For example, the 228 route from Colerne which had a dedicated bus in that timetable, had an 18 trip at 0840 from the station between the first inward 228 working to Bath and services later in the day. The 1715 and 1745 departures from the University were a VR that went on to work the 1800 337 service to Keynsham, the 1755 service did a 3 to Foxhill and then an evening service to Trowbridge. I seem to recall that there was another university trip that then did a peak working on the 179 to Paulton.

The 337 was certainly also a route that just got whatever was available to fill in between other workings.

Later, with dedicated vehicles, it wasn't anywhere near as interesting. As you note, it does seem to be about trying to get elderly double deckers out onto services where the capacity is needed without having them out all day.

Yes, that was much as I remember a few years earlier except the regular day service was formed of 5 'Mini Link' minibuses (Transits I think?) on a 6-minute headway, which occasionally swapped to other city services. For the peak 'swaps', I don't recall the exact details but I do remember that in the evening peak there was at least one 18 when then formed a 3 - and some services had been on routes such as the 265 (Trowbridge) and 177/79 (Paulton) as you also observed.

In 1993/94 the 337 was numbered the X37, but it had a similar pattern of 'filling in' between other workings. I seem to remember the X37s were timetabled out of Bath at xx22/xx52 and also arrived at xx22/xx52 (90 minutes later), which meant it was logical to go on and form another working rather than lay over for half an hour. A pretty even mix of Nationals and VRs, if I remember right. The 32 (Ensleigh) also had that 'fill in between other workings' pattern at the time.
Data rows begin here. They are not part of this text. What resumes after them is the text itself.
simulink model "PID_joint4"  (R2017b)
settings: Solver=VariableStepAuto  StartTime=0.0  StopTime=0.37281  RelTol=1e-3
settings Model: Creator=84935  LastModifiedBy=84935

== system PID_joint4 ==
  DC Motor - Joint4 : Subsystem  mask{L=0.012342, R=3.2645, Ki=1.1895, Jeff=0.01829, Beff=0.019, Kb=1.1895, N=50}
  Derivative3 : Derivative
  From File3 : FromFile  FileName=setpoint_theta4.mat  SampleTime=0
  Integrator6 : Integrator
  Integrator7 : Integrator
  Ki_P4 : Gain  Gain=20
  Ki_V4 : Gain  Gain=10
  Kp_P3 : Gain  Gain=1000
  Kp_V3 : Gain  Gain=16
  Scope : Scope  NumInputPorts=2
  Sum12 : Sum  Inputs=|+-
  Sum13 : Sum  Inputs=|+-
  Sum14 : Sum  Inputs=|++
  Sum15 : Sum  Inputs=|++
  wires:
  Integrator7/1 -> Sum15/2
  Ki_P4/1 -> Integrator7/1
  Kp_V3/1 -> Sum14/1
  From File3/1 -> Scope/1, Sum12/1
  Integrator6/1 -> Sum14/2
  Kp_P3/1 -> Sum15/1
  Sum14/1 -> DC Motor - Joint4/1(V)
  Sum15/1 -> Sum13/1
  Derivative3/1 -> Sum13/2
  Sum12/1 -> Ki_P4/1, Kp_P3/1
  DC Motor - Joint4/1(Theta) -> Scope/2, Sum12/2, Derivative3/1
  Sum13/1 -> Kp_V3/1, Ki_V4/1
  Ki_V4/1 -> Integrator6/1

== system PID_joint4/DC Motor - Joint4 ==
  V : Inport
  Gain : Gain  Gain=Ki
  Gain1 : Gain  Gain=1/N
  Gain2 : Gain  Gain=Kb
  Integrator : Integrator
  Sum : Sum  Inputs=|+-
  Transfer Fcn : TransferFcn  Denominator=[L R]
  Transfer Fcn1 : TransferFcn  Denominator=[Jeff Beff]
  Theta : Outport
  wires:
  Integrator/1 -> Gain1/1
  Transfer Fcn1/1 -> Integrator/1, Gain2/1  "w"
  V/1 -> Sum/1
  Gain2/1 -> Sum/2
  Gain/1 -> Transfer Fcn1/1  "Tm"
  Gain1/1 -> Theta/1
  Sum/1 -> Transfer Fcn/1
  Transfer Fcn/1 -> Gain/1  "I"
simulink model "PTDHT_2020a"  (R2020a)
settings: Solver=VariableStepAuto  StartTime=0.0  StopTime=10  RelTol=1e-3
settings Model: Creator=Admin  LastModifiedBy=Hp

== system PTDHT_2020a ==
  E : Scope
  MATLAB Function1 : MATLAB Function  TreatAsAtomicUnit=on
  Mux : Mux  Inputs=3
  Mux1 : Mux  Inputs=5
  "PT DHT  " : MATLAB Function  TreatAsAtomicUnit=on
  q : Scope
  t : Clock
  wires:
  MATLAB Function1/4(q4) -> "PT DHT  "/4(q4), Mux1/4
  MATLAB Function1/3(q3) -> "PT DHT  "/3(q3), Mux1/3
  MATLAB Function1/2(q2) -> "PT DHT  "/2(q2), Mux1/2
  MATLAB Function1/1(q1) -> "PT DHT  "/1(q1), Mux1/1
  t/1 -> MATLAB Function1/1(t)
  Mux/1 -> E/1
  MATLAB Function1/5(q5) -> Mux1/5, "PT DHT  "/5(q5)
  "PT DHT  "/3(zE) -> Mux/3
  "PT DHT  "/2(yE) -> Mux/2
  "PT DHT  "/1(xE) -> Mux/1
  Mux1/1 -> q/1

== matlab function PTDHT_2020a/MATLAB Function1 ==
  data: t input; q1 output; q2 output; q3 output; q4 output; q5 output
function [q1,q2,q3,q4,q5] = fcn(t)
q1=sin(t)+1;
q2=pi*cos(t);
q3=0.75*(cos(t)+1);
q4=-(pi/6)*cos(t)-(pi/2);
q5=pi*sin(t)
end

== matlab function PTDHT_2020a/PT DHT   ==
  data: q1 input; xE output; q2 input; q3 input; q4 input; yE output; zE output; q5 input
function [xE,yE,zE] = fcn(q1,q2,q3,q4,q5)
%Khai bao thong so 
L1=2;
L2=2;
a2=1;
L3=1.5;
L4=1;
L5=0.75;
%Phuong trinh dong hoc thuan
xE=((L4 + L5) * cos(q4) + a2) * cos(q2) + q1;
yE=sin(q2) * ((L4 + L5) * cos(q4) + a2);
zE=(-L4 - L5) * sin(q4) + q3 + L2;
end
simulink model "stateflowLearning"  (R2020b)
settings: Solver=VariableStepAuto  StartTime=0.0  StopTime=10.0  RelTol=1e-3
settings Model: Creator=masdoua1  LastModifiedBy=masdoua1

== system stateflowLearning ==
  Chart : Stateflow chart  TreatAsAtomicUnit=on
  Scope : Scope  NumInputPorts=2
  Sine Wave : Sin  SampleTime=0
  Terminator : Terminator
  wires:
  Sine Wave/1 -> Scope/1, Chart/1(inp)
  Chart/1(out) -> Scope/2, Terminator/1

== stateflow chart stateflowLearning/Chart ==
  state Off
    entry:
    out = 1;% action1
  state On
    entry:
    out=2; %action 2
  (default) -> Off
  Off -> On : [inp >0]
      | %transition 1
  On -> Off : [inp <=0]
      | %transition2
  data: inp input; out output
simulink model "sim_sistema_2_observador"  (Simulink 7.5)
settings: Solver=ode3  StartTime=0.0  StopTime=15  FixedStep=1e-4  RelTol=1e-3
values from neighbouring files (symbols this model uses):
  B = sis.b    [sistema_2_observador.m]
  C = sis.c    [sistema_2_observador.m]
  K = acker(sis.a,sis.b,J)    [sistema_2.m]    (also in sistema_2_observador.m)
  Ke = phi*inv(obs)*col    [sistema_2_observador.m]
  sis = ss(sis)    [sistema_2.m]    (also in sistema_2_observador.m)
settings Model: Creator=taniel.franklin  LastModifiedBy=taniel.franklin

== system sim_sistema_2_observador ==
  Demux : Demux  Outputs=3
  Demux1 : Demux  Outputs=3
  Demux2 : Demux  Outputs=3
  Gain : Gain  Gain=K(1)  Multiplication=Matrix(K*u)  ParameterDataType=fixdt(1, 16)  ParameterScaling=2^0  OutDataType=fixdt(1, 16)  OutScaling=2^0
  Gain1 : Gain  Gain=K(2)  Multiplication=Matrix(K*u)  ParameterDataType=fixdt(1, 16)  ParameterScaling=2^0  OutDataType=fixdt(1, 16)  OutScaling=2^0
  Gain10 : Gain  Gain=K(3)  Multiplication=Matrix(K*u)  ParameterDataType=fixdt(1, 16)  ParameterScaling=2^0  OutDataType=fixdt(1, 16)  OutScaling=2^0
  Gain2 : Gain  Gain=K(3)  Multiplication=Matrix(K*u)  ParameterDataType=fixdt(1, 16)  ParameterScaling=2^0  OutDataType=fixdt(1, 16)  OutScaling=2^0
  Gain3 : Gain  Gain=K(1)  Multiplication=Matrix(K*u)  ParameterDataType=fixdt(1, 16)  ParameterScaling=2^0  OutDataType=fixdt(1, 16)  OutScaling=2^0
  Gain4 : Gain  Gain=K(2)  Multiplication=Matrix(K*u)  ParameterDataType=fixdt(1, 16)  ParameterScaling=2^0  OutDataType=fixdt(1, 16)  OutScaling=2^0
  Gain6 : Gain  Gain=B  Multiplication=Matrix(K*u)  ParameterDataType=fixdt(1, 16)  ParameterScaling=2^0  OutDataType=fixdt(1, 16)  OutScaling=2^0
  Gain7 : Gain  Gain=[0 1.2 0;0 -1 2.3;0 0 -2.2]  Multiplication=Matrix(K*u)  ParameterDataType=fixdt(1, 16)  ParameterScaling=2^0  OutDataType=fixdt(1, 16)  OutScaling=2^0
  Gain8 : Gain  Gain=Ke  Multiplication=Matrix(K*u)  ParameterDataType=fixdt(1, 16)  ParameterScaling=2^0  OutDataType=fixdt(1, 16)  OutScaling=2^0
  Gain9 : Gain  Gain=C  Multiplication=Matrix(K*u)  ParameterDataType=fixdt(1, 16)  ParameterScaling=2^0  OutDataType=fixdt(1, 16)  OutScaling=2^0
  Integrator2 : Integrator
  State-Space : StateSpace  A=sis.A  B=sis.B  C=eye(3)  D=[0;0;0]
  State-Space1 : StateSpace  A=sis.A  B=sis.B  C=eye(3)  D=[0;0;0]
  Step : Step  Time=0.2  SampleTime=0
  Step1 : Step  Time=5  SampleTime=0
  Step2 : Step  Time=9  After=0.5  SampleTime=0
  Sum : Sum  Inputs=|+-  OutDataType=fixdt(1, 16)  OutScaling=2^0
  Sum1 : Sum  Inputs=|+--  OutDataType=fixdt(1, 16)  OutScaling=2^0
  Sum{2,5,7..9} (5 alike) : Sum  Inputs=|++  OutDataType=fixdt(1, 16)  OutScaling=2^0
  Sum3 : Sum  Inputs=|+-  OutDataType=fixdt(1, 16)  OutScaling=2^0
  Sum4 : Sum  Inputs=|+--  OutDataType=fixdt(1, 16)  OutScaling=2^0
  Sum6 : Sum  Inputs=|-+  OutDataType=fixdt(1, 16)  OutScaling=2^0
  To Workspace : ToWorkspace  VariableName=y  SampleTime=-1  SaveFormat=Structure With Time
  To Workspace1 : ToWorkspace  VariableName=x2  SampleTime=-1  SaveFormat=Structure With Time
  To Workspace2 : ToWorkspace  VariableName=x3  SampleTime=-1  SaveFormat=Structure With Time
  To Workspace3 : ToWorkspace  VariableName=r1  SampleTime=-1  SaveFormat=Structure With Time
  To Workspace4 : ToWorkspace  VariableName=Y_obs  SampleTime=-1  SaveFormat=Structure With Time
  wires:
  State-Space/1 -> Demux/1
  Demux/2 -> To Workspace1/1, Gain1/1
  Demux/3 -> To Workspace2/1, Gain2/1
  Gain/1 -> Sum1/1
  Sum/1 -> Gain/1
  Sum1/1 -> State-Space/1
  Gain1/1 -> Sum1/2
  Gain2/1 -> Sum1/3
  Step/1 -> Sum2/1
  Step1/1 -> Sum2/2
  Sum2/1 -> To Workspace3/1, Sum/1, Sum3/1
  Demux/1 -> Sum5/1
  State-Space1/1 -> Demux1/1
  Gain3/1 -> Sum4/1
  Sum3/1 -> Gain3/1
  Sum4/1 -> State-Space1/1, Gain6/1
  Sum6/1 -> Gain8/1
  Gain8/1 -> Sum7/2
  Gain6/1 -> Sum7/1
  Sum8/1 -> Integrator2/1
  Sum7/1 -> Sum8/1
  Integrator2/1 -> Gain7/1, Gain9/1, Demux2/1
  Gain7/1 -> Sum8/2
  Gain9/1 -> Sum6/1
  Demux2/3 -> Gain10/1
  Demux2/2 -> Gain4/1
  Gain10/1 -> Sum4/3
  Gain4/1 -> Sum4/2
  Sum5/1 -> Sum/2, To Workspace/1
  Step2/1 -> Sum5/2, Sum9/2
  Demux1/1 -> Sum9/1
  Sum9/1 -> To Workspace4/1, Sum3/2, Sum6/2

Most unusual regularly diagrammed working I remember was an X39 (Bath to Bristol) which then formed an 8 (Larkhall) in the evening peak, worked by a VR. That was particularly interesting as the 8 was minibuses otherwise; maybe it was intentional in order to give an (unadvertised, but known to those 'in the know') through working from Bristol in the evening peak.

By the way, just to clarify, when I say 'unpredictable' I don't mean the diagrams change every day, but rather I mean that the diagrams are set, but the vehicles change between routes in a manner that cannot be figured out merely by examining the timetables.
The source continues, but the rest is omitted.